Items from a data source
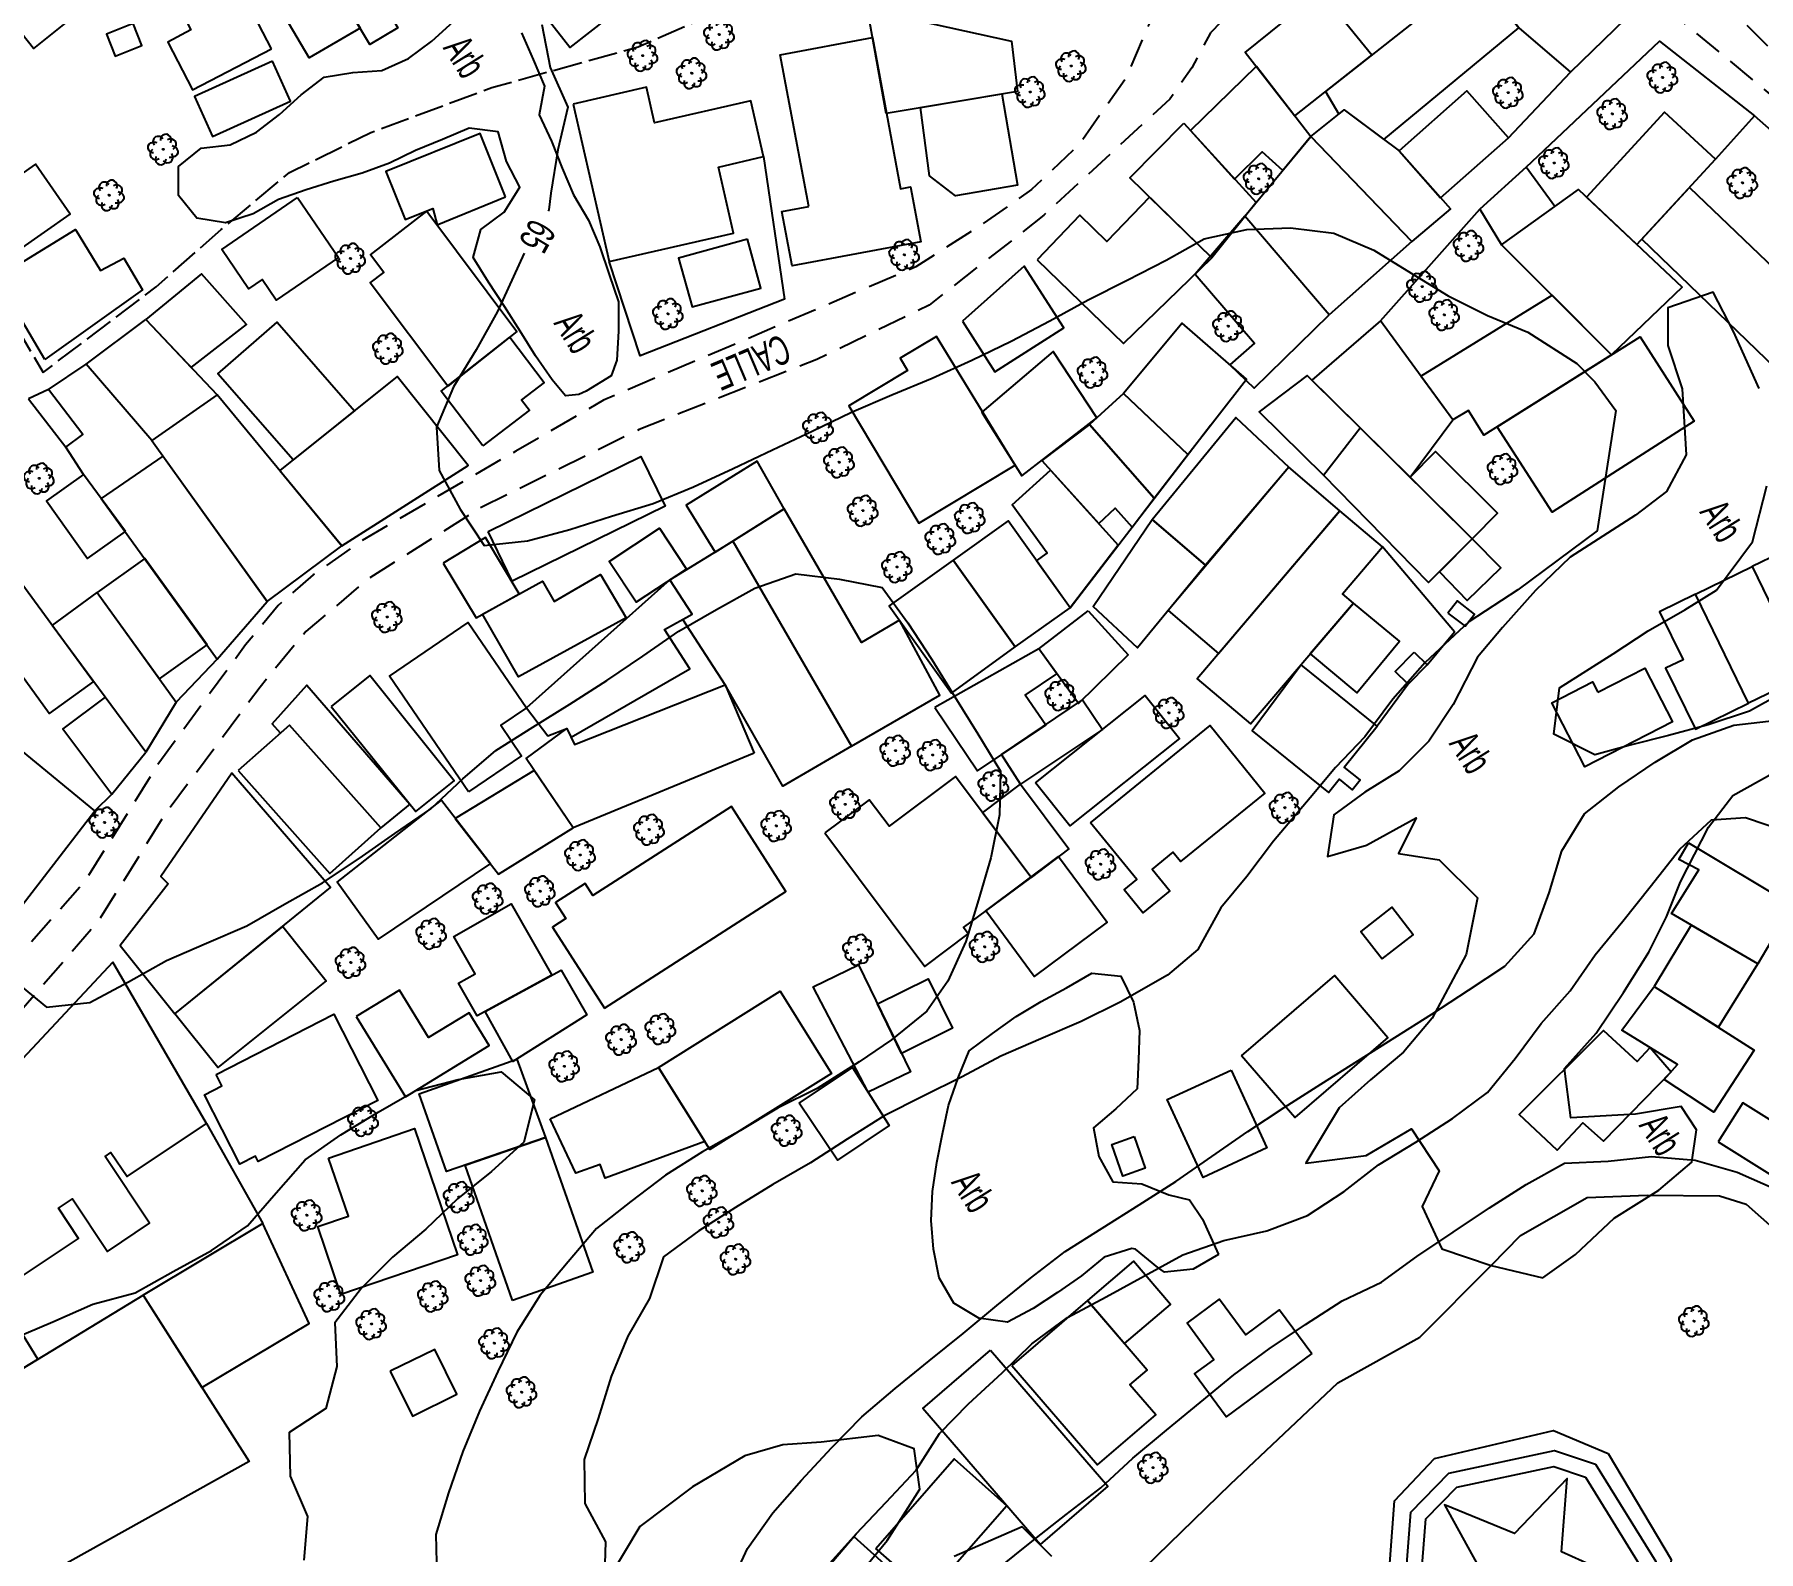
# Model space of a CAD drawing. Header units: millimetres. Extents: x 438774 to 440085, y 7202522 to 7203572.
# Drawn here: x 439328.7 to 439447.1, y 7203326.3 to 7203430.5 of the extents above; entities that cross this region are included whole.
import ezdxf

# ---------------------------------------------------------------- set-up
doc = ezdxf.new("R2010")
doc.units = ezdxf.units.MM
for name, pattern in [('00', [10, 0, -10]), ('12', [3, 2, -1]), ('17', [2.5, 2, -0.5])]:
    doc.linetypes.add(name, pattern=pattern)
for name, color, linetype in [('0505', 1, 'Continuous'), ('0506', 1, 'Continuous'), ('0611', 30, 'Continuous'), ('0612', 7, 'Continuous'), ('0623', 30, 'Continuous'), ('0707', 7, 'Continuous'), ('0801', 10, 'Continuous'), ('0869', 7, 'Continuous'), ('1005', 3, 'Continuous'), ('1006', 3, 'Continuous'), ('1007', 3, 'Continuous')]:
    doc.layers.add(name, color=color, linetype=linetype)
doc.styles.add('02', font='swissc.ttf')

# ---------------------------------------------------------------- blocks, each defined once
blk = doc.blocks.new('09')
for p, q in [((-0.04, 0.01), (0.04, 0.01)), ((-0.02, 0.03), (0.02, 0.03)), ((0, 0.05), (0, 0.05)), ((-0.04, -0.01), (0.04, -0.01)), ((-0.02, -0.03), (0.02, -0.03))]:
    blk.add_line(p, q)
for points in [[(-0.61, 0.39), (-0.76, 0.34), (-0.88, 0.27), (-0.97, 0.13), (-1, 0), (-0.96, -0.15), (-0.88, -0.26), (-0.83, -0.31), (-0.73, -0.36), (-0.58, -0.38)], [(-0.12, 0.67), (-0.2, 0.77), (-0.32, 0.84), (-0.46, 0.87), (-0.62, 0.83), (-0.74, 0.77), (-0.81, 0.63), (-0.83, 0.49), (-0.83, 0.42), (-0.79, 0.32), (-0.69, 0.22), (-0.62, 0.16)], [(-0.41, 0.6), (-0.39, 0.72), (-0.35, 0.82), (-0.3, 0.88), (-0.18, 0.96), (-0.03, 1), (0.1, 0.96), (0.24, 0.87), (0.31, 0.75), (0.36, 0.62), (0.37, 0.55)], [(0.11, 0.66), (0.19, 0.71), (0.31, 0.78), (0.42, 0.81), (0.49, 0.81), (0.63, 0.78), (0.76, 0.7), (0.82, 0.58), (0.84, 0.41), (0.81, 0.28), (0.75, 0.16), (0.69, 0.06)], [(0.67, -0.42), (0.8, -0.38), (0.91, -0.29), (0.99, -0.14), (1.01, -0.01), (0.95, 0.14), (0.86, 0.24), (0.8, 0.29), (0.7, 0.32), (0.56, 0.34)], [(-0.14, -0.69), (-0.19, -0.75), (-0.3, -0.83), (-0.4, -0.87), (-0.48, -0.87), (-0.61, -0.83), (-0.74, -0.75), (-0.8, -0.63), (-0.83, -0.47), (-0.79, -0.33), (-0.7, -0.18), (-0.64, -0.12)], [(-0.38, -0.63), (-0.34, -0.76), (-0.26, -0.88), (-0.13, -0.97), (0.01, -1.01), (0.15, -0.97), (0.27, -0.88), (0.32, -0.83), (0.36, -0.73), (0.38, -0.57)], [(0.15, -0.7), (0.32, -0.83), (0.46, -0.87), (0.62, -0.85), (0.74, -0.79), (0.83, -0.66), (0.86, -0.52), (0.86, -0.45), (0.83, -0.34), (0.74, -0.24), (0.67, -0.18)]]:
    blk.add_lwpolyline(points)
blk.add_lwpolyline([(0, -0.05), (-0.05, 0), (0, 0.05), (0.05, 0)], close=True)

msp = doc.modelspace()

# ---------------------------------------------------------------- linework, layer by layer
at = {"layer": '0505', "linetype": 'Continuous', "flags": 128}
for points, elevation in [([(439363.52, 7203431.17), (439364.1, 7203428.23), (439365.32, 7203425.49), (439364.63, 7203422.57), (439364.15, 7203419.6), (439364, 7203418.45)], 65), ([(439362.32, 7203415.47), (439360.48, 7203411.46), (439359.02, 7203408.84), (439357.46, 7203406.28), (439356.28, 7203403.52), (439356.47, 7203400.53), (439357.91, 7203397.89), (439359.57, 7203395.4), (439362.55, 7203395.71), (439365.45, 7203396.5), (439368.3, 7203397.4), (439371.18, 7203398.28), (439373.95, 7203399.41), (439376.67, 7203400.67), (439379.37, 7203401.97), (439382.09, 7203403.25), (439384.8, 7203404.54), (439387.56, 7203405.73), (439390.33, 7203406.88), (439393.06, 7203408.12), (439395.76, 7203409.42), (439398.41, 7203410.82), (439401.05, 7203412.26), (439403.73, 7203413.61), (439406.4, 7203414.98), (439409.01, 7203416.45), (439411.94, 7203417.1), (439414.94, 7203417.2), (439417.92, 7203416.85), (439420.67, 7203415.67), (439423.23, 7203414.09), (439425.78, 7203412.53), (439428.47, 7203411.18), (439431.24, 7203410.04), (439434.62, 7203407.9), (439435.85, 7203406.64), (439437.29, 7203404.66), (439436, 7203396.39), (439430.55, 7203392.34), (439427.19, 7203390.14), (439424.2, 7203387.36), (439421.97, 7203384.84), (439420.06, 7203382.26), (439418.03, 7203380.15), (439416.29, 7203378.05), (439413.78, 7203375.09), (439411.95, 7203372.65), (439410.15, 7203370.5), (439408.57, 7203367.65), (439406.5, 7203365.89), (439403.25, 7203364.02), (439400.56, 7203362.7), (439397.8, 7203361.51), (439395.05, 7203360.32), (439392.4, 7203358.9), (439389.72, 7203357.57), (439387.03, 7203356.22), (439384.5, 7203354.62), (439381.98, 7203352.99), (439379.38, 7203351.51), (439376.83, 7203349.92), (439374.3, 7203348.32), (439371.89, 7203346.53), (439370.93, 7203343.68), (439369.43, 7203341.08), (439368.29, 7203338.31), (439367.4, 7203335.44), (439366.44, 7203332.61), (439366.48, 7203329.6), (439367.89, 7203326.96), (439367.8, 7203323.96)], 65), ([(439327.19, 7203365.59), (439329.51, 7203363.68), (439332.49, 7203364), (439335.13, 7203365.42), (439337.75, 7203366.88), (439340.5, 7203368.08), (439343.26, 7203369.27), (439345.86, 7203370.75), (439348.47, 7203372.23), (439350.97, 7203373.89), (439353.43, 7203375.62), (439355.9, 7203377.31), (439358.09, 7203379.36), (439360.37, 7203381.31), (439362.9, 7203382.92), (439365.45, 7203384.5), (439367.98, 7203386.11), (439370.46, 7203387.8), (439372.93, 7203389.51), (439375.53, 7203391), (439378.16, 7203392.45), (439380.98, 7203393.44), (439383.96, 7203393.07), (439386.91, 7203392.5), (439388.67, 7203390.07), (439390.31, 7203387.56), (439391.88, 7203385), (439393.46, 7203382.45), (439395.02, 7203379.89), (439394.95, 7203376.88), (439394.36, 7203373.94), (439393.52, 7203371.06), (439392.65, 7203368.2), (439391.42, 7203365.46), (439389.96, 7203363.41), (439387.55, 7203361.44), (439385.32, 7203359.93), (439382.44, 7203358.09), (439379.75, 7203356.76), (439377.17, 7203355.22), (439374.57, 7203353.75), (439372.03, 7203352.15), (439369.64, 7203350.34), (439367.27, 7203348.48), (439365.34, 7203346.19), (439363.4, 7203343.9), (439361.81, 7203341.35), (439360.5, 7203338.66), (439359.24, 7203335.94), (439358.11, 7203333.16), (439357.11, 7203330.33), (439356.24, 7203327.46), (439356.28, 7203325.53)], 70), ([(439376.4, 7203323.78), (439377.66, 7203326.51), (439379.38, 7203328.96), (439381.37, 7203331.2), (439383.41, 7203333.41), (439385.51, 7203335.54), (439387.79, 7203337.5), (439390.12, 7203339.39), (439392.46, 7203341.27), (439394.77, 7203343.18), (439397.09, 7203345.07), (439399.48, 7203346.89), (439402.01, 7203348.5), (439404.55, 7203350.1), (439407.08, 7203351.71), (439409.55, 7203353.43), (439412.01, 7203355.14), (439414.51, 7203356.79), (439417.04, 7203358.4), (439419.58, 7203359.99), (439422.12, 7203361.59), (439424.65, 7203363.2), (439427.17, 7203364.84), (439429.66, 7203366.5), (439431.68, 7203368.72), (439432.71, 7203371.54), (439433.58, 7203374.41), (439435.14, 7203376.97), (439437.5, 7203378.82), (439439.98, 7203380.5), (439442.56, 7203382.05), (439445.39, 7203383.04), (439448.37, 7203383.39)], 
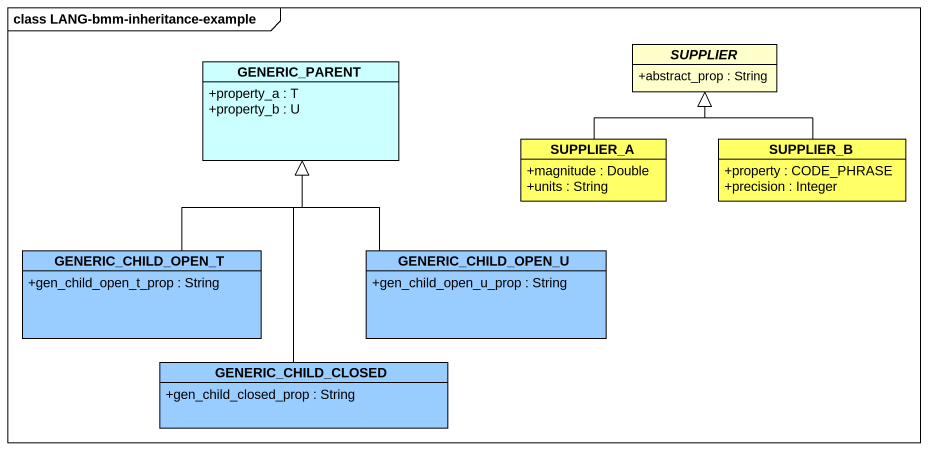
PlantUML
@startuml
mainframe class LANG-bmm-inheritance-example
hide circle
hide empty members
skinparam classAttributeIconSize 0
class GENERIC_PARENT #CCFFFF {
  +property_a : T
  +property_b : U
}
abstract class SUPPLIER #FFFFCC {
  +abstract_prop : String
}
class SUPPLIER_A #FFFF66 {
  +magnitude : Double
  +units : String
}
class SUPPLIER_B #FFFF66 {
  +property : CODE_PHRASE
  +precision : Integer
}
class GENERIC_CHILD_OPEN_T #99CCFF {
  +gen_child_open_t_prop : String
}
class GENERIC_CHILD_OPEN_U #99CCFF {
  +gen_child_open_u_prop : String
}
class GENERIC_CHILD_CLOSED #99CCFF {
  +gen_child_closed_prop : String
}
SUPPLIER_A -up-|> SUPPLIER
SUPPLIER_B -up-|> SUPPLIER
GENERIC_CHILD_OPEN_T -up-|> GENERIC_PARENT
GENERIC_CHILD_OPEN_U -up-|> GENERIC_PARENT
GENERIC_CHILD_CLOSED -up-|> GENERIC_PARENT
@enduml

- Work instruction:
Please transcribe, word for word, every line from the first line of the records above through the line containing "blk.add_line(p, q)", and leave out any pictures.

- Completed task:
# Model space of a CAD drawing. Header units: millimetres. Extents: x 438774 to 440085, y 7202522 to 7203572.
# Drawn here: x 439328.7 to 439447.1, y 7203326.3 to 7203430.5 of the extents above; entities that cross this region are included whole.
import ezdxf

# ---------------------------------------------------------------- set-up
doc = ezdxf.new("R2010")
doc.units = ezdxf.units.MM
for name, pattern in [('00', [10, 0, -10]), ('12', [3, 2, -1]), ('17', [2.5, 2, -0.5])]:
    doc.linetypes.add(name, pattern=pattern)
for name, color, linetype in [('0505', 1, 'Continuous'), ('0506', 1, 'Continuous'), ('0611', 30, 'Continuous'), ('0612', 7, 'Continuous'), ('0623', 30, 'Continuous'), ('0707', 7, 'Continuous'), ('0801', 10, 'Continuous'), ('0869', 7, 'Continuous'), ('1005', 3, 'Continuous'), ('1006', 3, 'Continuous'), ('1007', 3, 'Continuous')]:
    doc.layers.add(name, color=color, linetype=linetype)
doc.styles.add('02', font='swissc.ttf')

# ---------------------------------------------------------------- blocks, each defined once
blk = doc.blocks.new('09')
for p, q in [((-0.04, 0.01), (0.04, 0.01)), ((-0.02, 0.03), (0.02, 0.03)), ((0, 0.05), (0, 0.05)), ((-0.04, -0.01), (0.04, -0.01)), ((-0.02, -0.03), (0.02, -0.03))]:
    blk.add_line(p, q)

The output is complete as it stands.